Reproducibility Index

Notice: The reproducibility variables underlying each score are classified using an automated LLM-based pipeline, validated against a manually labeled dataset. LLM-based classification introduces uncertainty and potential bias; scores should be interpreted as estimates. Full accuracy metrics and methodology are described in Coakley et alK. L. Coakley, T. Snelleman, H. Hoos, and O. E. Gundersen, "The embrace of open science: An analysis of a decade of AI research and 56 800 conference papers," Under Review, 2026..

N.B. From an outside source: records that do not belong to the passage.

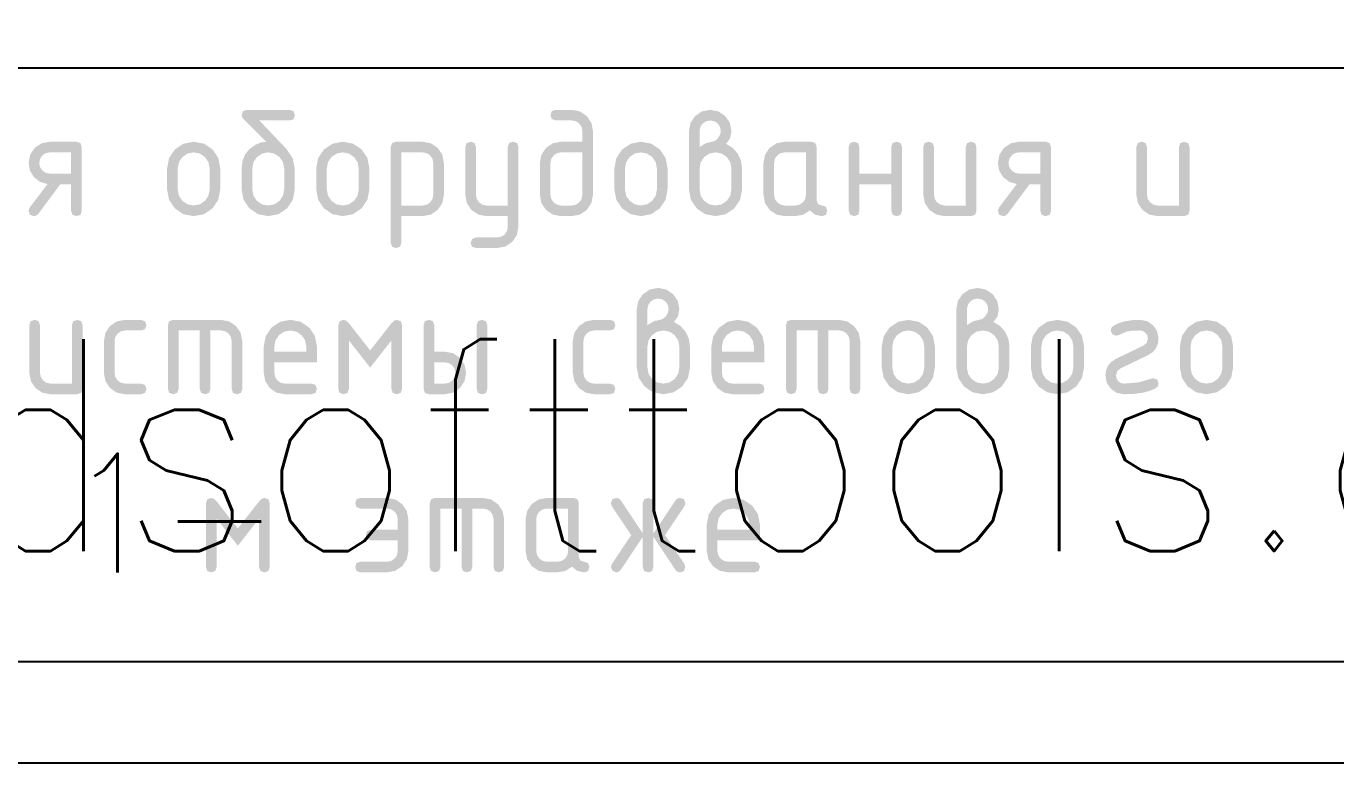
# Model space of a CAD drawing. Header units: millimetres. Extents: x 0 to 420, y 0 to 297.
# Drawn here: x 361.21 to 383.63, y 0 to 12.61 of the extents above; entities that cross this region are included whole.
import ezdxf

# ---------------------------------------------------------------- set-up
doc = ezdxf.new("R2010")
doc.units = ezdxf.units.MM
doc.layers.get('0').update_dxf_attribs({"linetype": 'CONTINUOUS'})
doc.styles.get("Standard").update_dxf_attribs({"font": 'STANDARD'})

# ---------------------------------------------------------------- blocks, each defined once
blk = doc.blocks.new('ABViewer')
at = {"color": 0, "true_color": 0x000001, "insert": (0, 0), "char_height": 0.05, "attachment_point": 1}
blk.add_mtext('ABViewer 16 trial version - www.cadsofttools.com', dxfattribs=at)

msp = doc.modelspace()

# ---------------------------------------------------------------- hatches: boundary and pattern name
at = {"true_color": 0x000007}
h = msp.add_hatch(color=0, dxfattribs=at)
h.paths.add_polyline_path([(365.811514, 10.174221), (365.811514, 9.810419), (365.778166, 9.635615), (365.678671, 9.48851), (365.531566, 9.388808), (365.356762, 9.355667), (365.181958, 9.388808), (365.034852, 9.48851), (364.935151, 9.635615), (364.902009, 9.810419), (364.902009, 10.174221), (364.916702, 10.302284), (364.960851, 10.412002), (365.034559, 10.503426), (365.137929, 10.576609), (365.232187, 10.615814), (365.31983, 10.628974), (364.920199, 11.028605), (364.902009, 11.082624), (364.924747, 11.151595), (364.99296, 11.174677), (365.722217, 11.174677), (365.79043, 11.151939), (365.813168, 11.083727), (365.79043, 11.015514), (365.722217, 10.992776), (365.205178, 10.992776), (365.662686, 10.512116), (365.774307, 10.348957)], flags=0)
h.paths.add_polyline_path([(365.629613, 9.810419), (365.629613, 10.174221), (365.609494, 10.278746), (365.549687, 10.367147), (365.461286, 10.426954), (365.356762, 10.447073), (365.251824, 10.426954), (365.163836, 10.367147), (365.103823, 10.278746), (365.08391, 10.174221), (365.08391, 9.810419), (365.103754, 9.704999), (365.163285, 9.616943), (365.251342, 9.557411), (365.356762, 9.537568), (365.461286, 9.55748), (365.549687, 9.617494), (365.609494, 9.705482)], flags=0)
h = msp.add_hatch(color=0, dxfattribs=at)
h.paths.add_polyline_path([(370.914819, 10.810875), (370.914819, 9.719469), (370.888085, 9.578427), (370.808434, 9.460949), (370.691094, 9.381849), (370.551017, 9.355667), (370.369116, 9.355667), (370.228073, 9.382125), (370.110596, 9.4615), (370.031496, 9.578909), (370.005313, 9.719469), (370.005313, 10.265172), (370.031772, 10.406214), (370.111147, 10.523692), (370.228556, 10.602585), (370.369116, 10.628974), (370.732918, 10.628974), (370.732918, 10.810875), (370.719757, 10.881637), (370.680552, 10.940411), (370.621779, 10.979616), (370.551017, 10.992776), (370.278165, 10.992776), (370.209952, 11.015514), (370.187214, 11.083727), (370.209952, 11.151939), (370.278165, 11.174677), (370.551017, 11.174677), (370.692059, 11.147943), (370.809537, 11.068293), (370.888429, 10.950953)], flags=0)
h.paths.add_polyline_path([(370.732918, 9.719469), (370.732918, 10.447073), (370.369116, 10.447073), (370.298836, 10.433844), (370.240131, 10.394156), (370.200444, 10.335452), (370.187214, 10.265172), (370.187214, 9.719469), (370.200513, 9.650085), (370.240682, 9.591036), (370.299731, 9.550866), (370.369116, 9.537568), (370.551017, 9.537568), (370.621297, 9.550797), (370.680001, 9.590484), (370.719688, 9.649189)], flags=0)
h = msp.add_hatch(color=0, dxfattribs=at)
h.paths.add_polyline_path([(372.738867, 10.538023), (372.84973, 10.606236), (372.951085, 10.628974), (373.005517, 10.644752), (373.055815, 10.692364), (373.090818, 10.751619), (373.102669, 10.810875), (373.089508, 10.881637), (373.050303, 10.940411), (372.99153, 10.979616), (372.920768, 10.992776), (372.850488, 10.979547), (372.791783, 10.939859), (372.752096, 10.881155), (372.738867, 10.810875)], flags=0)
h.paths.add_polyline_path([(373.193619, 10.592043), (373.306136, 10.52383), (373.392608, 10.425024), (373.447936, 10.305204), (373.466471, 10.174221), (373.466471, 9.810419), (373.433122, 9.634719), (373.333628, 9.487958), (373.186522, 9.38874), (373.011718, 9.355667), (372.836018, 9.388808), (372.689257, 9.48851), (372.590039, 9.635615), (372.556966, 9.810419), (372.556966, 10.810875), (372.583424, 10.951917), (372.662799, 11.069395), (372.780208, 11.148288), (372.920768, 11.174677), (373.06181, 11.147943), (373.179288, 11.068293), (373.25818, 10.950953), (373.28457, 10.810875), (373.261832, 10.687196)], flags=0)
h.paths.add_polyline_path([(373.28457, 9.810419), (373.28457, 10.174221), (373.264726, 10.278746), (373.205195, 10.367147), (373.117138, 10.426954), (373.011718, 10.447073), (372.906298, 10.426954), (372.818242, 10.367147), (372.75871, 10.278746), (372.738867, 10.174221), (372.738867, 9.810419), (372.75871, 9.704999), (372.818242, 9.616943), (372.906298, 9.557411), (373.011718, 9.537568), (373.117138, 9.55748), (373.205195, 9.617494), (373.264726, 9.705482)], flags=0)
h = msp.add_hatch(color=0, dxfattribs=at)
h.paths.add_polyline_path([(361.579694, 9.904126), (361.451192, 9.941884), (361.347081, 10.022637), (361.278386, 10.134189), (361.255579, 10.265172), (361.281762, 10.406214), (361.360861, 10.523692), (361.478339, 10.602585), (361.619381, 10.628974), (362.074134, 10.628974), (362.142347, 10.606236), (362.165085, 10.538023), (362.165085, 9.446617), (362.142347, 9.378404), (362.074134, 9.355667), (362.005921, 9.378404), (361.983184, 9.446617), (361.983184, 9.90137), (361.798526, 9.90137), (361.419842, 9.393149), (361.387527, 9.3649), (361.34653, 9.355667), (361.278317, 9.378404), (361.255579, 9.446617), (361.273769, 9.501739)], flags=0)
h.paths.add_polyline_path([(361.43748, 10.265172), (361.450778, 10.195788), (361.490948, 10.136739), (361.549997, 10.096569), (361.619381, 10.083271), (361.983184, 10.083271), (361.983184, 10.447073), (361.619381, 10.447073), (361.549102, 10.433844), (361.490397, 10.394156), (361.45071, 10.335452)], flags=0)
h = msp.add_hatch(color=0, dxfattribs=at)
h.paths.add_polyline_path([(363.626183, 9.810419), (363.626183, 10.174221), (363.659325, 10.349025), (363.759026, 10.496131), (363.906132, 10.595625), (364.080936, 10.628974), (364.257531, 10.59597), (364.403948, 10.497234), (364.502684, 10.350817), (364.535688, 10.174221), (364.535688, 9.810419), (364.50234, 9.635615), (364.402845, 9.48851), (364.25574, 9.388808), (364.080936, 9.355667), (363.906132, 9.388808), (363.759026, 9.48851), (363.659325, 9.635615)], flags=0)
h.paths.add_polyline_path([(364.353787, 9.810419), (364.353787, 10.174221), (364.333668, 10.278746), (364.273861, 10.367147), (364.18546, 10.426954), (364.080936, 10.447073), (363.975998, 10.426954), (363.88801, 10.367147), (363.827997, 10.278746), (363.808084, 10.174221), (363.808084, 9.810419), (363.827928, 9.704999), (363.887459, 9.616943), (363.975516, 9.557411), (364.080936, 9.537568), (364.18546, 9.55748), (364.273861, 9.617494), (364.333668, 9.705482)], flags=0)
h = msp.add_hatch(color=0, dxfattribs=at)
h.paths.add_polyline_path([(366.177835, 9.810419), (366.177835, 10.174221), (366.210977, 10.349025), (366.310678, 10.496131), (366.457784, 10.595625), (366.632588, 10.628974), (366.809183, 10.59597), (366.9556, 10.497234), (367.054336, 10.350817), (367.08734, 10.174221), (367.08734, 9.810419), (367.053992, 9.635615), (366.954498, 9.48851), (366.807392, 9.388808), (366.632588, 9.355667), (366.457784, 9.388808), (366.310678, 9.48851), (366.210977, 9.635615)], flags=0)
h.paths.add_polyline_path([(366.905439, 9.810419), (366.905439, 10.174221), (366.88532, 10.278746), (366.825513, 10.367147), (366.737112, 10.426954), (366.632588, 10.447073), (366.52765, 10.426954), (366.439662, 10.367147), (366.379649, 10.278746), (366.359736, 10.174221), (366.359736, 9.810419), (366.37958, 9.704999), (366.439111, 9.616943), (366.527168, 9.557411), (366.632588, 9.537568), (366.737112, 9.55748), (366.825513, 9.617494), (366.88532, 9.705482)], flags=0)
h = msp.add_hatch(color=0, dxfattribs=at)
h.paths.add_polyline_path([(367.453661, 10.538023), (367.476399, 10.606236), (367.544612, 10.628974), (367.999364, 10.628974), (368.140407, 10.602585), (368.257884, 10.523692), (368.336777, 10.406214), (368.363166, 10.265172), (368.363166, 9.719469), (368.336777, 9.578909), (368.257884, 9.4615), (368.140407, 9.382125), (367.999364, 9.355667), (367.635562, 9.355667), (367.635562, 8.900914), (367.612825, 8.832701), (367.544612, 8.809964), (367.476399, 8.832701), (367.453661, 8.900914)], flags=0)
h.paths.add_polyline_path([(367.635562, 10.447073), (367.635562, 9.537568), (367.999364, 9.537568), (368.069644, 9.550797), (368.128349, 9.590484), (368.168036, 9.649189), (368.181265, 9.719469), (368.181265, 10.265172), (368.168105, 10.335934), (368.1289, 10.394707), (368.070127, 10.433913), (367.999364, 10.447073)], flags=0)
for points in [[(369.457092, 9.17101), (369.457092, 9.355667), (369.093289, 9.355667), (368.952247, 9.382125), (368.834769, 9.4615), (368.75567, 9.578909), (368.729487, 9.719469), (368.729487, 10.538023), (368.752225, 10.606236), (368.820438, 10.628974), (368.888651, 10.606236), (368.911388, 10.538023), (368.911388, 9.719469), (368.924686, 9.650085), (368.964856, 9.591036), (369.023905, 9.550866), (369.093289, 9.537568), (369.457092, 9.537568), (369.457092, 10.538023), (369.479829, 10.606236), (369.548042, 10.628974), (369.616255, 10.606236), (369.638993, 10.538023), (369.638993, 9.173766), (369.612948, 9.033688), (369.534813, 8.916348), (369.418989, 8.836697), (369.2796, 8.809964), (368.911388, 8.809964), (368.843176, 8.832701), (368.820438, 8.900914), (368.847999, 8.964304), (368.911388, 8.991865), (369.27519, 8.991865), (369.345953, 9.00468), (369.404726, 9.043128), (369.443931, 9.100661)], [(375.474396, 9.90137), (375.474396, 9.446617), (375.451659, 9.378404), (375.383446, 9.355667), (375.315233, 9.378404), (375.292495, 9.446617), (375.292495, 10.538023), (375.315233, 10.606236), (375.383446, 10.628974), (375.451659, 10.606236), (375.474396, 10.538023), (375.474396, 10.083271), (376.020099, 10.083271), (376.020099, 10.538023), (376.042837, 10.606236), (376.11105, 10.628974), (376.179263, 10.606236), (376.202, 10.538023), (376.202, 9.446617), (376.179263, 9.378404), (376.11105, 9.355667), (376.042837, 9.378404), (376.020099, 9.446617), (376.020099, 9.90137)], [(377.477826, 10.538023), (377.477826, 9.446617), (377.455089, 9.378404), (377.386876, 9.355667), (376.932123, 9.355667), (376.791081, 9.381849), (376.673603, 9.460949), (376.594504, 9.578427), (376.568321, 9.719469), (376.568321, 10.538023), (376.591059, 10.606236), (376.659272, 10.628974), (376.727485, 10.606236), (376.750222, 10.538023), (376.750222, 9.719469), (376.76352, 9.650085), (376.80369, 9.591036), (376.862739, 9.550866), (376.932123, 9.537568), (377.295925, 9.537568), (377.295925, 10.538023), (377.318663, 10.606236), (377.386876, 10.628974), (377.455089, 10.606236)], [(381.124256, 10.538023), (381.124256, 9.446617), (381.101519, 9.378404), (381.033306, 9.355667), (380.578553, 9.355667), (380.437511, 9.381849), (380.320033, 9.460949), (380.240934, 9.578427), (380.214751, 9.719469), (380.214751, 10.538023), (380.237489, 10.606236), (380.305702, 10.628974), (380.373914, 10.606236), (380.396652, 10.538023), (380.396652, 9.719469), (380.40995, 9.650085), (380.45012, 9.591036), (380.509169, 9.550866), (380.578553, 9.537568), (380.942355, 9.537568), (380.942355, 10.538023), (380.965093, 10.606236), (381.033306, 10.628974), (381.101519, 10.606236)], [(362.178099, 7.490023), (362.178099, 6.398617), (362.155361, 6.330404), (362.087148, 6.307667), (361.632395, 6.307667), (361.491353, 6.333849), (361.373875, 6.412949), (361.294776, 6.530427), (361.268593, 6.671469), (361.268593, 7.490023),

Aligning Compound AI Systems via System-level DPO

Authors: Xiangwen Wang, Yibo Jacky Zhang, Zhoujie Ding, Katherine Tsai, Haolun Wu, Sanmi Koyejo

NeurIPS 2025 | Venue PDF | LLM Run Details

Reproducibility Variable	Result	LLM Response
Research Type	Experimental	We empirically demonstrate the effectiveness of our approach across two applications: the joint alignment of a language model and a diffusion model, and the joint alignment of an LLM collaboration system. [...] These results deepen our understanding of alignment challenges in compound AI systems and provide a foundation for future research.
Researcher Affiliation	Academia	Xiangwen Wang 1,2 Yibo Jacky Zhang1 Zhoujie Ding1 Katherine Tsai1 Haolun Wu1,3 Sanmi Koyejo1 1Stanford University 2University of Science and Technology of China 3Mila Quebec AI Institute EMAIL, EMAIL, EMAIL EMAIL, EMAIL, EMAIL
Pseudocode	No	The paper describes the methods and procedures using prose and mathematical equations but does not present any structured pseudocode or algorithm blocks.
Open Source Code	No	Question: Does the paper provide open access to the data and code, with sufficient instructions to faithfully reproduce the main experimental results, as described in supplemental material? Answer: [No] Justification: code will be published later.
Open Datasets	Yes	We employ the preference dataset Intel/orca-dpo-pairs [32] for DPO training, consisting of 129000 instructions paired with corresponding preference examples (each instruction has a pair of chosen/rejected responses).
Dataset Splits	Yes	We sample 193 instruction data points as the evaluation set. The remaining examples are used for the training process.
Hardware Specification	Yes	Aligning the entire system took approximately 30 hours on a single NVIDIA H200 GPU.
Software Dependencies	No	The paper mentions specific models like Llama-3-8B, Stable Diffusion XL, Stable Diffusion 1.5, and Qwen1.5-1.8B-Chat, and training techniques like LoRA. However, it does not explicitly state versions for general software dependencies such as programming languages (e.g., Python), frameworks (e.g., PyTorch, TensorFlow), or other libraries (e.g., scikit-learn, CUDA).
Experiment Setup	Yes	During training, we sampled two intermediate outputs per step during training. ... During both training and evaluation, we set the maximum token number at 256 in the sampling process. We trained the models using LoRA with β = 0.5, a learning rate of 1e-7, and an accumulated batch size of 128.